Jennifer Wasmuth: „Wyr gleuben all an eynen Gott“

Jennifer Wasmuth: „Wyr gleuben all an eynen Gott“. Das Nicaeno-Constantinopolitanum in seiner Bedeutung für Martin Luther und Philipp Melanchthon, Spätmittelalter, Humanismus, Reformation / Studies in the Late Middle Ages, Humanism, and the Reformation (SMHR) 141, Tübingen: Mohr Siebeck, 2024, geb., 601 S., € 119,– ISBN 978-3-16-161538-2


In ökumenischen Gesprächen nimmt das „Nicaeno-Constantinopolitanum“ (NC) eine prominente Stellung ein, um eine gemeinsame Bekenntnistradition trotz konfessioneller Unterschiede zu betonen. Denn nahezu alle Spielarten der nachkonstantinischen Kirchen stimmen darin überein, dass es der dreieinige Gott war, der die Kirche gründete und auch erhalten wird.

In diesem Jahr besinnt sich die weltweite Christenheit auf das erste Konzil von ökumenischer Tragweite zurück, das im Jahr 325 in Nizäa (heute İznik, Türkei) tagte. Die gemeinsamen Feierlichkeiten der Kirchen zu diesem Jubiläum sind von einem Geist der Einheit getragen, in der die Kirchen ihre gegenseitige Verbundenheit auf der Grundlage des NCs betonen. Aber ist dieses Bekenntnis zum Bekenntnis ausreichend, um gemeinsam in die Zukunft zu blicken? Denn die Gestalt der Konfessionen geht mitunter auf die Auslegung des NCs zurück, ein Umstand, den die Kirchenführer bei aller Aufbruchstimmung auf dem Weg zu einer Kirche vergessen zu haben scheinen.

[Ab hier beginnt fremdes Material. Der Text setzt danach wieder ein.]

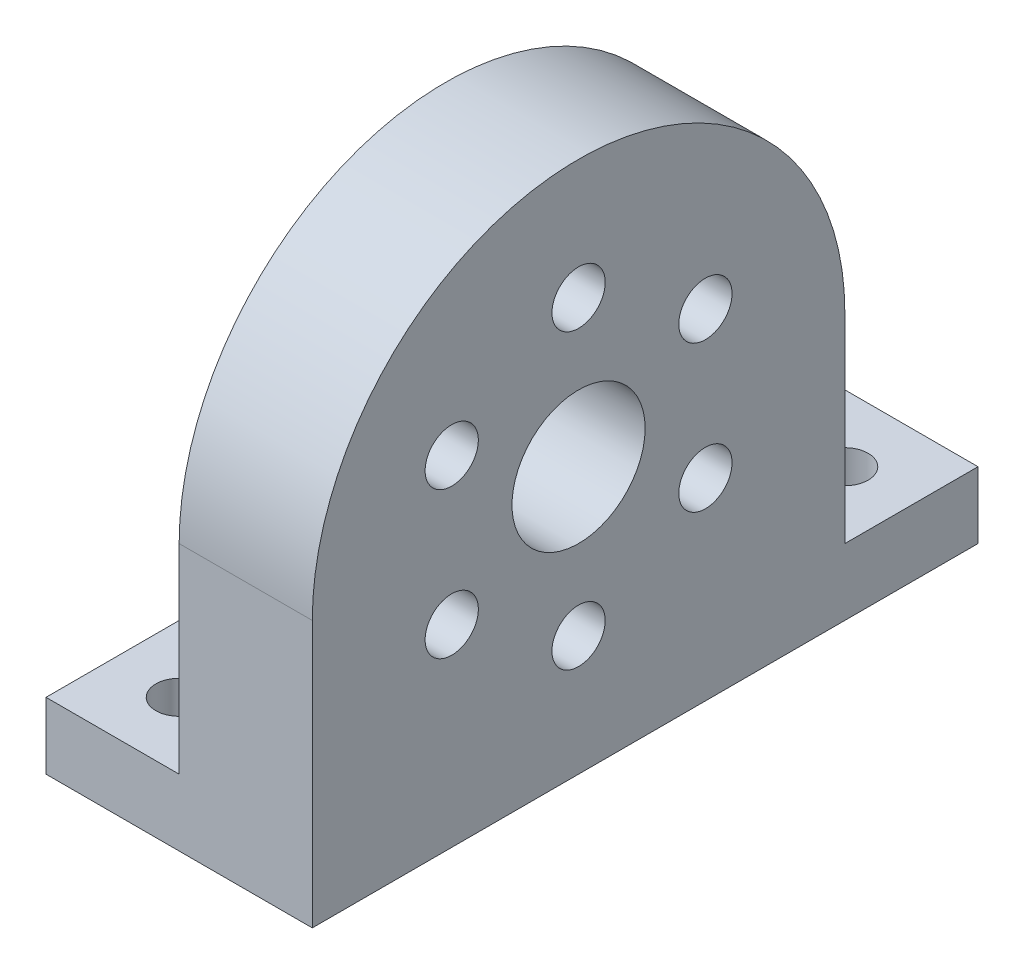
ISO-10303-21;
HEADER;
FILE_DESCRIPTION(('STEP AP214'),'2;1');
FILE_NAME('part.step','',(''),(''),'','','');
FILE_SCHEMA(('AUTOMOTIVE_DESIGN { 1 0 10303 214 1 1 1 1 }'));
ENDSEC;
DATA;
#1=APPLICATION_CONTEXT('core data for automotive mechanical design processes');
#2=APPLICATION_PROTOCOL_DEFINITION('international standard','automotive_design',2000,#1);
#3=PRODUCT_CONTEXT('',#1,'mechanical');
#4=PRODUCT('Part','Part','',(#3));
#5=PRODUCT_RELATED_PRODUCT_CATEGORY('part','',(#4));
#6=PRODUCT_DEFINITION_FORMATION('','',#4);
#7=PRODUCT_DEFINITION_CONTEXT('part definition',#1,'design');
#8=PRODUCT_DEFINITION('design','',#6,#7);
#9=PRODUCT_DEFINITION_SHAPE('','',#8);
#10=(LENGTH_UNIT() NAMED_UNIT(*) SI_UNIT(.MILLI.,.METRE.));
#11=(NAMED_UNIT(*) PLANE_ANGLE_UNIT() SI_UNIT($,.RADIAN.));
#12=(NAMED_UNIT(*) SI_UNIT($,.STERADIAN.) SOLID_ANGLE_UNIT());
#13=UNCERTAINTY_MEASURE_WITH_UNIT(LENGTH_MEASURE(1.E-05),#10,'distance_accuracy_value','');
#14=(GEOMETRIC_REPRESENTATION_CONTEXT(3) GLOBAL_UNCERTAINTY_ASSIGNED_CONTEXT((#13)) GLOBAL_UNIT_ASSIGNED_CONTEXT((#10,
#11,#12)) REPRESENTATION_CONTEXT('',''));
#15=CARTESIAN_POINT('',(0.,0.,0.));
#16=DIRECTION('',(0.,0.,1.));
#17=DIRECTION('',(1.,0.,0.));
#18=AXIS2_PLACEMENT_3D('',#15,#16,#17);
#19=CARTESIAN_POINT('',(0.,0.,0.));
#20=DIRECTION('',(1.,0.,0.));
#21=DIRECTION('',(0.,0.,-1.));
#22=AXIS2_PLACEMENT_3D('',#19,#20,#21);
#23=PLANE('',#22);
#24=CARTESIAN_POINT('',(0.,11.,0.));
#25=DIRECTION('',(-1.,0.,0.));
#26=DIRECTION('',(0.,0.,1.));
#27=AXIS2_PLACEMENT_3D('',#24,#25,#26);
#28=CIRCLE('',#27,3.15);
#29=CARTESIAN_POINT('',(0.,11.,3.15));
#30=VERTEX_POINT('',#29);
#31=EDGE_CURVE('E326',#30,#30,#28,.T.);
#32=ORIENTED_EDGE('',*,*,#31,.F.);
#33=EDGE_LOOP('',(#32));
#34=FACE_BOUND('',#33,.T.);
#35=CARTESIAN_POINT('',(0.,5.5,-9.52627944162882));
#36=DIRECTION('',(-1.,0.,0.));
#37=DIRECTION('',(0.,0.,1.));
#38=AXIS2_PLACEMENT_3D('',#35,#36,#37);
#39=CIRCLE('',#38,3.15);
#40=CARTESIAN_POINT('',(0.,5.5,-6.37627944162882));
#41=VERTEX_POINT('',#40);
#42=EDGE_CURVE('E167',#41,#41,#39,.T.);
#43=ORIENTED_EDGE('',*,*,#42,.F.);
#44=EDGE_LOOP('',(#43));
#45=FACE_BOUND('',#44,.T.);
#46=CARTESIAN_POINT('',(0.,0.,0.));
#47=DIRECTION('',(1.,0.,0.));
#48=DIRECTION('',(0.,0.,-1.));
#49=AXIS2_PLACEMENT_3D('',#46,#47,#48);
#50=CIRCLE('',#49,5.);
#51=CARTESIAN_POINT('',(0.,0.,-5.));
#52=VERTEX_POINT('',#51);
#53=EDGE_CURVE('E173',#52,#52,#50,.T.);
#54=ORIENTED_EDGE('',*,*,#53,.T.);
#55=EDGE_LOOP('',(#54));
#56=FACE_BOUND('',#55,.T.);
#57=DIRECTION('',(0.,0.,-1.));
#58=VECTOR('',#57,1.);
#59=CARTESIAN_POINT('',(0.,-20.,0.));
#60=LINE('',#59,#58);
#61=CARTESIAN_POINT('',(0.,-20.,10.));
#62=VERTEX_POINT('',#61);
#63=CARTESIAN_POINT('',(0.,-20.,-30.));
#64=VERTEX_POINT('',#63);
#65=EDGE_CURVE('E132',#62,#64,#60,.T.);
#66=ORIENTED_EDGE('',*,*,#65,.F.);
#67=DIRECTION('',(0.,1.,0.));
#68=VECTOR('',#67,1.);
#69=CARTESIAN_POINT('',(0.,0.,10.));
#70=LINE('',#69,#68);
#71=CARTESIAN_POINT('',(0.,-15.,10.));
#72=VERTEX_POINT('',#71);
#73=EDGE_CURVE('E320',#62,#72,#70,.T.);
#74=ORIENTED_EDGE('',*,*,#73,.T.);
#75=DIRECTION('',(0.,0.,1.));
#76=VECTOR('',#75,1.);
#77=CARTESIAN_POINT('',(0.,-15.,0.));
#78=LINE('',#77,#76);
#79=CARTESIAN_POINT('',(0.,-15.,20.));
#80=VERTEX_POINT('',#79);
#81=EDGE_CURVE('E319',#72,#80,#78,.T.);
#82=ORIENTED_EDGE('',*,*,#81,.T.);
#83=DIRECTION('',(0.,-1.,0.));
#84=VECTOR('',#83,1.);
#85=CARTESIAN_POINT('',(0.,0.,20.));
#86=LINE('',#85,#84);
#87=CARTESIAN_POINT('',(0.,0.,20.));
#88=VERTEX_POINT('',#87);
#89=EDGE_CURVE('E209',#88,#80,#86,.T.);
#90=ORIENTED_EDGE('',*,*,#89,.F.);
#91=CARTESIAN_POINT('',(0.,0.,0.));
#92=DIRECTION('',(1.,0.,0.));
#93=DIRECTION('',(0.,0.,-1.));
#94=AXIS2_PLACEMENT_3D('',#91,#92,#93);
#95=CIRCLE('',#94,20.);
#96=CARTESIAN_POINT('',(0.,0.,-20.));
#97=VERTEX_POINT('',#96);
#98=EDGE_CURVE('E206',#97,#88,#95,.T.);
#99=ORIENTED_EDGE('',*,*,#98,.F.);
#100=DIRECTION('',(0.,-1.,0.));
#101=VECTOR('',#100,1.);
#102=CARTESIAN_POINT('',(0.,0.,-20.));
#103=LINE('',#102,#101);
#104=CARTESIAN_POINT('',(0.,-15.,-20.));
#105=VERTEX_POINT('',#104);
#106=EDGE_CURVE('E204',#97,#105,#103,.T.);
#107=ORIENTED_EDGE('',*,*,#106,.T.);
#108=DIRECTION('',(0.,0.,-1.));
#109=VECTOR('',#108,1.);
#110=CARTESIAN_POINT('',(0.,-15.,0.));
#111=LINE('',#110,#109);
#112=CARTESIAN_POINT('',(0.,-15.,-30.));
#113=VERTEX_POINT('',#112);
#114=EDGE_CURVE('E178',#105,#113,#111,.T.);
#115=ORIENTED_EDGE('',*,*,#114,.T.);
#116=DIRECTION('',(0.,1.,0.));
#117=VECTOR('',#116,1.);
#118=CARTESIAN_POINT('',(0.,0.,-30.));
#119=LINE('',#118,#117);
#120=EDGE_CURVE('E213',#64,#113,#119,.T.);
#121=ORIENTED_EDGE('',*,*,#120,.F.);
#122=EDGE_LOOP('',(#66,#74,#82,#90,#99,#107,#115,#121));
#123=FACE_BOUND('',#122,.T.);
#124=CARTESIAN_POINT('',(0.,-5.5,-9.52627944162882));
#125=DIRECTION('',(-1.,0.,0.));
#126=DIRECTION('',(0.,0.,1.));
#127=AXIS2_PLACEMENT_3D('',#124,#125,#126);
#128=CIRCLE('',#127,3.15);
#129=CARTESIAN_POINT('',(0.,-5.5,-6.37627944162882));
#130=VERTEX_POINT('',#129);
#131=EDGE_CURVE('E144',#130,#130,#128,.T.);
#132=ORIENTED_EDGE('',*,*,#131,.F.);
#133=EDGE_LOOP('',(#132));
#134=FACE_BOUND('',#133,.T.);
#135=CARTESIAN_POINT('',(0.,-11.,0.));
#136=DIRECTION('',(-1.,0.,0.));
#137=DIRECTION('',(0.,0.,1.));
#138=AXIS2_PLACEMENT_3D('',#135,#136,#137);
#139=CIRCLE('',#138,3.15);
#140=CARTESIAN_POINT('',(0.,-11.,3.15));
#141=VERTEX_POINT('',#140);
#142=EDGE_CURVE('E145',#141,#141,#139,.T.);
#143=ORIENTED_EDGE('',*,*,#142,.F.);
#144=EDGE_LOOP('',(#143));
#145=FACE_BOUND('',#144,.T.);
#146=CARTESIAN_POINT('',(0.,-5.5,9.52627944162883));
#147=DIRECTION('',(-1.,0.,0.));
#148=DIRECTION('',(0.,0.,1.));
#149=AXIS2_PLACEMENT_3D('',#146,#147,#148);
#150=CIRCLE('',#149,3.15);
#151=CARTESIAN_POINT('',(0.,-5.5,12.6762794416288));
#152=VERTEX_POINT('',#151);
#153=EDGE_CURVE('E148',#152,#152,#150,.T.);
#154=ORIENTED_EDGE('',*,*,#153,.F.);
#155=EDGE_LOOP('',(#154));
#156=FACE_BOUND('',#155,.T.);
#157=CARTESIAN_POINT('',(0.,5.5,9.52627944162883));
#158=DIRECTION('',(-1.,0.,0.));
#159=DIRECTION('',(0.,0.,1.));
#160=AXIS2_PLACEMENT_3D('',#157,#158,#159);
#161=CIRCLE('',#160,3.15);
#162=CARTESIAN_POINT('',(0.,5.5,12.6762794416288));
#163=VERTEX_POINT('',#162);
#164=EDGE_CURVE('E158',#163,#163,#161,.T.);
#165=ORIENTED_EDGE('',*,*,#164,.F.);
#166=EDGE_LOOP('',(#165));
#167=FACE_BOUND('',#166,.T.);
#168=ADVANCED_FACE('F47',(#34,#45,#56,#123,#134,#145,#156,#167),#23,.F.);
#169=CARTESIAN_POINT('',(10.,0.,-20.));
#170=DIRECTION('',(0.,0.,-1.));
#171=DIRECTION('',(0.,1.,0.));
#172=AXIS2_PLACEMENT_3D('',#169,#170,#171);
#173=PLANE('',#172);
#174=ORIENTED_EDGE('',*,*,#106,.F.);
#175=DIRECTION('',(-1.,0.,0.));
#176=VECTOR('',#175,1.);
#177=CARTESIAN_POINT('',(10.,0.,-20.));
#178=LINE('',#177,#176);
#179=CARTESIAN_POINT('',(10.,0.,-20.));
#180=VERTEX_POINT('',#179);
#181=EDGE_CURVE('E11',#180,#97,#178,.T.);
#182=ORIENTED_EDGE('',*,*,#181,.F.);
#183=DIRECTION('',(0.,-1.,0.));
#184=VECTOR('',#183,1.);
#185=CARTESIAN_POINT('',(10.,0.,-20.));
#186=LINE('',#185,#184);
#187=CARTESIAN_POINT('',(10.,-15.,-20.));
#188=VERTEX_POINT('',#187);
#189=EDGE_CURVE('E196',#180,#188,#186,.T.);
#190=ORIENTED_EDGE('',*,*,#189,.T.);
#191=DIRECTION('',(-1.,0.,0.));
#192=VECTOR('',#191,1.);
#193=CARTESIAN_POINT('',(10.,-15.,-20.));
#194=LINE('',#193,#192);
#195=EDGE_CURVE('E73',#188,#105,#194,.T.);
#196=ORIENTED_EDGE('',*,*,#195,.T.);
#197=EDGE_LOOP('',(#174,#182,#190,#196));
#198=FACE_BOUND('',#197,.T.);
#199=ADVANCED_FACE('F222',(#198),#173,.T.);
#200=CARTESIAN_POINT('',(10.,0.,0.));
#201=DIRECTION('',(-1.,0.,0.));
#202=DIRECTION('',(0.,0.,1.));
#203=AXIS2_PLACEMENT_3D('',#200,#201,#202);
#204=CYLINDRICAL_SURFACE('',#203,20.);
#205=ORIENTED_EDGE('',*,*,#98,.T.);
#206=DIRECTION('',(-1.,0.,0.));
#207=VECTOR('',#206,1.);
#208=CARTESIAN_POINT('',(10.,0.,20.));
#209=LINE('',#208,#207);
#210=CARTESIAN_POINT('',(10.,0.,20.));
#211=VERTEX_POINT('',#210);
#212=EDGE_CURVE('E56',#211,#88,#209,.T.);
#213=ORIENTED_EDGE('',*,*,#212,.F.);
#214=CARTESIAN_POINT('',(10.,0.,0.));
#215=DIRECTION('',(1.,0.,0.));
#216=DIRECTION('',(0.,0.,-1.));
#217=AXIS2_PLACEMENT_3D('',#214,#215,#216);
#218=CIRCLE('',#217,20.);
#219=EDGE_CURVE('E198',#180,#211,#218,.T.);
#220=ORIENTED_EDGE('',*,*,#219,.F.);
#221=ORIENTED_EDGE('',*,*,#181,.T.);
#222=EDGE_LOOP('',(#205,#213,#220,#221));
#223=FACE_BOUND('',#222,.T.);
#224=ADVANCED_FACE('F224',(#223),#204,.T.);
#225=CARTESIAN_POINT('',(10.,0.,20.));
#226=DIRECTION('',(0.,0.,-1.));
#227=DIRECTION('',(0.,1.,0.));
#228=AXIS2_PLACEMENT_3D('',#225,#226,#227);
#229=PLANE('',#228);
#230=ORIENTED_EDGE('',*,*,#89,.T.);
#231=DIRECTION('',(-1.,0.,0.));
#232=VECTOR('',#231,1.);
#233=CARTESIAN_POINT('',(0.,-15.,20.));
#234=LINE('',#233,#232);
#235=CARTESIAN_POINT('',(-10.,-15.,20.));
#236=VERTEX_POINT('',#235);
#237=EDGE_CURVE('E313',#80,#236,#234,.T.);
#238=ORIENTED_EDGE('',*,*,#237,.T.);
#239=DIRECTION('',(0.,-1.,0.));
#240=VECTOR('',#239,1.);
#241=CARTESIAN_POINT('',(-10.,-15.,20.));
#242=LINE('',#241,#240);
#243=CARTESIAN_POINT('',(-10.,-20.,20.));
#244=VERTEX_POINT('',#243);
#245=EDGE_CURVE('E329',#236,#244,#242,.T.);
#246=ORIENTED_EDGE('',*,*,#245,.T.);
#247=DIRECTION('',(-1.,0.,0.));
#248=VECTOR('',#247,1.);
#249=CARTESIAN_POINT('',(10.,-20.,20.));
#250=LINE('',#249,#248);
#251=CARTESIAN_POINT('',(10.,-20.,20.));
#252=VERTEX_POINT('',#251);
#253=EDGE_CURVE('E134',#252,#244,#250,.T.);
#254=ORIENTED_EDGE('',*,*,#253,.F.);
#255=DIRECTION('',(0.,-1.,0.));
#256=VECTOR('',#255,1.);
#257=CARTESIAN_POINT('',(10.,0.,20.));
#258=LINE('',#257,#256);
#259=EDGE_CURVE('E117',#211,#252,#258,.T.);
#260=ORIENTED_EDGE('',*,*,#259,.F.);
#261=ORIENTED_EDGE('',*,*,#212,.T.);
#262=EDGE_LOOP('',(#230,#238,#246,#254,#260,#261));
#263=FACE_BOUND('',#262,.T.);
#264=ADVANCED_FACE('F229',(#263),#229,.F.);
#265=CARTESIAN_POINT('',(10.,-20.,0.));
#266=DIRECTION('',(0.,1.,0.));
#267=DIRECTION('',(0.,0.,1.));
#268=AXIS2_PLACEMENT_3D('',#265,#266,#267);
#269=PLANE('',#268);
#270=CARTESIAN_POINT('',(5.,-20.,-25.));
#271=DIRECTION('',(0.,1.,0.));
#272=DIRECTION('',(0.,0.,1.));
#273=AXIS2_PLACEMENT_3D('',#270,#271,#272);
#274=CIRCLE('',#273,1.75);
#275=CARTESIAN_POINT('',(5.,-20.,-23.25));
#276=VERTEX_POINT('',#275);
#277=EDGE_CURVE('E466',#276,#276,#274,.T.);
#278=ORIENTED_EDGE('',*,*,#277,.T.);
#279=EDGE_LOOP('',(#278));
#280=FACE_BOUND('',#279,.T.);
#281=CARTESIAN_POINT('',(-5.,-20.,15.));
#282=DIRECTION('',(0.,1.,0.));
#283=DIRECTION('',(0.,0.,1.));
#284=AXIS2_PLACEMENT_3D('',#281,#282,#283);
#285=CIRCLE('',#284,1.75);
#286=CARTESIAN_POINT('',(-5.,-20.,16.75));
#287=VERTEX_POINT('',#286);
#288=EDGE_CURVE('E476',#287,#287,#285,.T.);
#289=ORIENTED_EDGE('',*,*,#288,.T.);
#290=EDGE_LOOP('',(#289));
#291=FACE_BOUND('',#290,.T.);
#292=DIRECTION('',(-1.,0.,0.));
#293=VECTOR('',#292,1.);
#294=CARTESIAN_POINT('',(10.,-20.,-30.));
#295=LINE('',#294,#293);
#296=CARTESIAN_POINT('',(10.,-20.,-30.));
#297=VERTEX_POINT('',#296);
#298=EDGE_CURVE('E126',#297,#64,#295,.T.);
#299=ORIENTED_EDGE('',*,*,#298,.F.);
#300=DIRECTION('',(0.,0.,-1.));
#301=VECTOR('',#300,1.);
#302=CARTESIAN_POINT('',(10.,-20.,0.));
#303=LINE('',#302,#301);
#304=EDGE_CURVE('E109',#252,#297,#303,.T.);
#305=ORIENTED_EDGE('',*,*,#304,.F.);
#306=ORIENTED_EDGE('',*,*,#253,.T.);
#307=DIRECTION('',(0.,0.,-1.));
#308=VECTOR('',#307,1.);
#309=CARTESIAN_POINT('',(-10.,-20.,20.));
#310=LINE('',#309,#308);
#311=CARTESIAN_POINT('',(-10.,-20.,10.));
#312=VERTEX_POINT('',#311);
#313=EDGE_CURVE('E479',#244,#312,#310,.T.);
#314=ORIENTED_EDGE('',*,*,#313,.T.);
#315=DIRECTION('',(1.,0.,0.));
#316=VECTOR('',#315,1.);
#317=CARTESIAN_POINT('',(10.,-20.,10.));
#318=LINE('',#317,#316);
#319=EDGE_CURVE('E64',#312,#62,#318,.T.);
#320=ORIENTED_EDGE('',*,*,#319,.T.);
#321=ORIENTED_EDGE('',*,*,#65,.T.);
#322=EDGE_LOOP('',(#299,#305,#306,#314,#320,#321));
#323=FACE_BOUND('',#322,.T.);
#324=ADVANCED_FACE('F130',(#280,#291,#323),#269,.F.);
#325=CARTESIAN_POINT('',(10.,0.,-30.));
#326=DIRECTION('',(0.,0.,1.));
#327=DIRECTION('',(1.,0.,0.));
#328=AXIS2_PLACEMENT_3D('',#325,#326,#327);
#329=PLANE('',#328);
#330=ORIENTED_EDGE('',*,*,#120,.T.);
#331=DIRECTION('',(-1.,0.,0.));
#332=VECTOR('',#331,1.);
#333=CARTESIAN_POINT('',(10.,-15.,-30.));
#334=LINE('',#333,#332);
#335=CARTESIAN_POINT('',(10.,-15.,-30.));
#336=VERTEX_POINT('',#335);
#337=EDGE_CURVE('E127',#336,#113,#334,.T.);
#338=ORIENTED_EDGE('',*,*,#337,.F.);
#339=DIRECTION('',(0.,1.,0.));
#340=VECTOR('',#339,1.);
#341=CARTESIAN_POINT('',(10.,0.,-30.));
#342=LINE('',#341,#340);
#343=EDGE_CURVE('E114',#297,#336,#342,.T.);
#344=ORIENTED_EDGE('',*,*,#343,.F.);
#345=ORIENTED_EDGE('',*,*,#298,.T.);
#346=EDGE_LOOP('',(#330,#338,#344,#345));
#347=FACE_BOUND('',#346,.T.);
#348=ADVANCED_FACE('F125',(#347),#329,.F.);
#349=CARTESIAN_POINT('',(10.,5.5,9.52627944162883));
#350=DIRECTION('',(-1.,0.,0.));
#351=DIRECTION('',(0.,0.,1.));
#352=AXIS2_PLACEMENT_3D('',#349,#350,#351);
#353=CYLINDRICAL_SURFACE('',#352,2.);
#354=CARTESIAN_POINT('',(1.15,5.5,9.52627944162883));
#355=DIRECTION('',(-1.,0.,0.));
#356=DIRECTION('',(0.,0.,1.));
#357=AXIS2_PLACEMENT_3D('',#354,#355,#356);
#358=CIRCLE('',#357,2.);
#359=CARTESIAN_POINT('',(1.15,5.5,11.5262794416288));
#360=VERTEX_POINT('',#359);
#361=EDGE_CURVE('E51',#360,#360,#358,.F.);
#362=ORIENTED_EDGE('',*,*,#361,.F.);
#363=EDGE_LOOP('',(#362));
#364=FACE_BOUND('',#363,.T.);
#365=CARTESIAN_POINT('',(10.,5.5,9.52627944162883));
#366=DIRECTION('',(1.,0.,0.));
#367=DIRECTION('',(0.,0.,-1.));
#368=AXIS2_PLACEMENT_3D('',#365,#366,#367);
#369=CIRCLE('',#368,2.);
#370=CARTESIAN_POINT('',(10.,5.5,7.52627944162883));
#371=VERTEX_POINT('',#370);
#372=EDGE_CURVE('E193',#371,#371,#369,.T.);
#373=ORIENTED_EDGE('',*,*,#372,.T.);
#374=EDGE_LOOP('',(#373));
#375=FACE_BOUND('',#374,.T.);
#376=ADVANCED_FACE('F237',(#364,#375),#353,.F.);
#377=CARTESIAN_POINT('',(10.,-5.5,9.52627944162883));
#378=DIRECTION('',(-1.,0.,0.));
#379=DIRECTION('',(0.,0.,1.));
#380=AXIS2_PLACEMENT_3D('',#377,#378,#379);
#381=CYLINDRICAL_SURFACE('',#380,2.);
#382=CARTESIAN_POINT('',(1.15,-5.5,9.52627944162883));
#383=DIRECTION('',(-1.,0.,0.));
#384=DIRECTION('',(0.,0.,1.));
#385=AXIS2_PLACEMENT_3D('',#382,#383,#384);
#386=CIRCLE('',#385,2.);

Die Dissertation von Frau Jennifer Wasmuth setzt genau hier an. Sie zeigt die Rezeption des NCs bei Luther und Melanchthon und wie ihre Interpretationen zu einer Ausformung einer spezifisch lutherischen Theologie beitrugen.

Den Forschungsteil gliedert W. einerseits nach der reformatorischen NC-Rezeption im Lichte der Dogmengeschichtsschreibung des 19./20. Jahrhunderts, andererseits nach dem gegenwärtigen Forschungsstand der Rezeption des NC in der Reformation.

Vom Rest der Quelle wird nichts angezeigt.